I’ve heard this caliber is also legal for use in Iowa for deer during their gun season. Usually their gun season hunters use muzzle loaders and shotguns.

Can anybody confirm if this caliber/gun is legal to hunt deer with in Iowa please?


----------



## DecoySlayer (Mar 12, 2016)

Yeah, the gun shop told you wrong.


----------



## 22 Chuck (Feb 2, 2006)

No on e knows about Ioway.


----------



## Oger (Aug 28, 2008)

Actually i did read it is legal in iowa


----------



## Petronius (Oct 13, 2010)

GrizzlyHunter said:


> I’ve heard this caliber is also legal for use in Iowa for deer during their gun season. Usually their gun season hunters use muzzle loaders and shotguns.
> 
> Can anybody confirm if this caliber/gun is legal to hunt deer with in Iowa please?


From 2017.

*New law allows approved pistol cartridges for use in rifles to hunt deer*

http://www.iowadnr.gov/About-DNR/DN...tol-cartridges-for-use-in-rifles-to-hunt-deer

Page 31 of the Iowa Hunting and Trapping Regulations.
Iowa Hunting and Trapping Regulations, Full Book

*Handguns/Rifles:* 
Center-fire handguns .357 caliber or larger, and rifles shooting straight wall ammunition with an expanding-type bullet. Minimum barrel length for all handguns is 4 inches. No shoulder stock or long barrel modifications are allowed in late muzzleloader season. 
Hunters age 16 and under may not use any handguns. Hunters ages 17 through 20 must be accompanied by a parent, guardian or spouse who is at least 21 years old to use a handgun. 
The following center-fire cartridges may be used, along with others not identified in this list that meet the straight-walled cartridge criteria in the next section below: .357 Magnum, .357 Maximum, .375 Winchester, .38 Super, .40 S&W, .401 Powermag, 10 mm Auto, .41 Remington Magnum, .41 Action Express, .44 S&W Special, .44 Remington Magnum, .44 Automag, .444 Marlin, .445 Super Mag, .45 ACP, .45 Colt, .45 Super Mag, .45 Winchester Magnum, .45 Silhouette, .450 Bushmaster, .451 Detonics, .454 Casull, .45-70 Govt., .460 Rowland, .460 S&W Mag, .475 Widley Magnum, .475 Linebaugh, .480 Ruger, .50 Action Express, .50 Linebaugh, .50 Beowulf and .500 S&W Mag. 

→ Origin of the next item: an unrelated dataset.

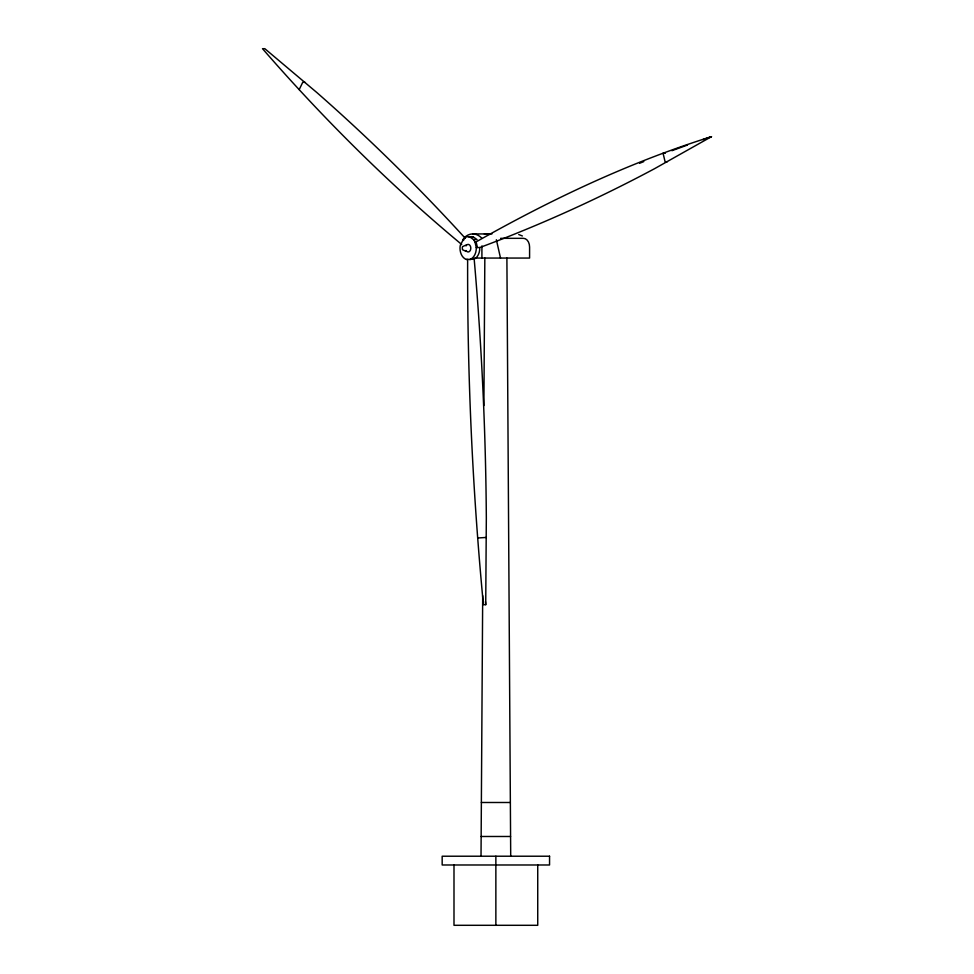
<?xml version="1.0" encoding="UTF-8"?>
<svg xmlns="http://www.w3.org/2000/svg" width="974" height="974" viewBox="0 0 974 974"><rect width="100%" height="100%" fill="white"/><g stroke="black" fill="none" stroke-linecap="round" stroke-linejoin="round"><path stroke-width="1.46" d="M481.022 856.219L482.69 595.662M483.895 405.574L484.833 258.061M466.485 259.461L467.642 259.461C467.24 374.698 472.475 489.959 483.396 604.684L485.722 604.684L486.33 518.131A2277.127 1610.168 90 0 0 474.18 259.133A11.518 8.145 -90 0 0 479.756 247.542A2483.566 1756.146 -90 0 0 654.613 168.66L711.483 136.664C629.472 162.22 550.943 199.573 476.116 241.881L474.959 241.881L473.571 239.604L469.809 236.913A11.518 8.145 -90 0 0 463.685 238.557L460.178 245.838A11.518 8.145 90 0 0 466.485 259.461L474.18 259.133M462.333 247.019L462.37 249.405M299.188 89.632L302.719 82.327L305.045 82.327M463.234 240.517L464.074 239.507L462.906 239.507M462.626 246.605L466.047 244.998M671.902 150.702L687.425 145.053M702.985 139.599L711.483 136.664M469.76 259.681L471.854 259.133M665.388 153.198L663.063 153.198L665.072 161.708L667.397 161.708M472.792 233.93L491.943 233.93M469.809 236.913L473.303 236.913L477.065 239.604L473.571 239.604M500.612 238.326L523.44 238.326A8.705 6.161 90 0 1 529.588 247.031L529.588 258.061L474.314 258.061M460.519 244.462L461.676 244.462C390.026 184.853 323.636 119.035 262.517 48.7L264.843 48.7L316.964 92.64A2462.406 1741.183 90 0 1 465.402 238.411M470.686 259.133A11.518 8.145 -90 0 0 476.274 247.542L479.756 247.542M486.367 537.441L477.71 537.989M481.375 802.491L510.352 802.491M481.156 836.483L510.571 836.483M518.728 234.539L522.381 235.964M466.047 251.377L462.626 249.782M476.116 241.881L477.43 247.542M474.959 241.881L476.274 247.542M496.363 239.726L500.514 258.061M485.454 601.676L485.722 604.684M506.894 258.061L510.705 856.219M537.733 864.985L537.733 925.3L453.994 925.3L453.994 864.985M495.863 856.219L495.863 925.3M481.911 245.911L481.911 258.061M465.036 237.011A21.111 14.927 -90 0 1 481.911 238.326M484.346 234.064A20.186 13.599 65.7 0 1 489.301 234.442M466.022 245.898A3.774 2.666 -90 0 1 469.943 245.399A3.774 2.666 -90 0 1 469.943 250.963A3.774 2.666 -90 0 1 466.035 250.488M469.091 237.254A11.518 8.145 -90 0 1 473.303 236.913M639.577 163.291A2277.127 1610.168 -90 0 1 643.777 161.599M549.555 856.219L442.172 856.219L442.172 864.985L549.555 864.985L549.555 856.219"/></g></svg>

*Allowable Straight-walled Cartridge Criteria: *

■ Center-fired straight-walled rimless cartridges chambered for handgun use with bullets from 0.357” to 0.500” diameter and a case length from 0.850” to 1.800.” 
■ Center-fired straight-walled rimmed cartridges chambered for handgun use with bullets from 0.357” to 0.500” diameter with a case length from 1.285” to 1.800.”


----------



## GrizzlyHunter (Jun 17, 2005)

petronius said:


> From 2017.
> 
> *New law allows approved pistol cartridges for use in rifles to hunt deer*
> 
> ...


Petronius,

Now that’s the way to answer a question clearly and accurately. I like it!

Thank you for taking the time to find and post it. It is much appreciated.


----------



## Petronius (Oct 13, 2010)

GrizzlyHunter said:


> Petronius,
> 
> Now that’s the way to answer a question clearly and accurately. I like it!
> 
> Thank you for taking the time to find and post it. It is much appreciated.


Thank you. 
I know how much it bothers me when I get back a half answer, or one where the person says they don't know for sure but they think it's ok, etc.


----------



## Ken (Dec 6, 2000)

Thus explaining why Traditions is now offering the 450 Bushmaster. One of their largest promotors are Lee and Tiffany Lakosky, so I'm sure they will have those in the woods this year, along with the muzzleloaders.


----------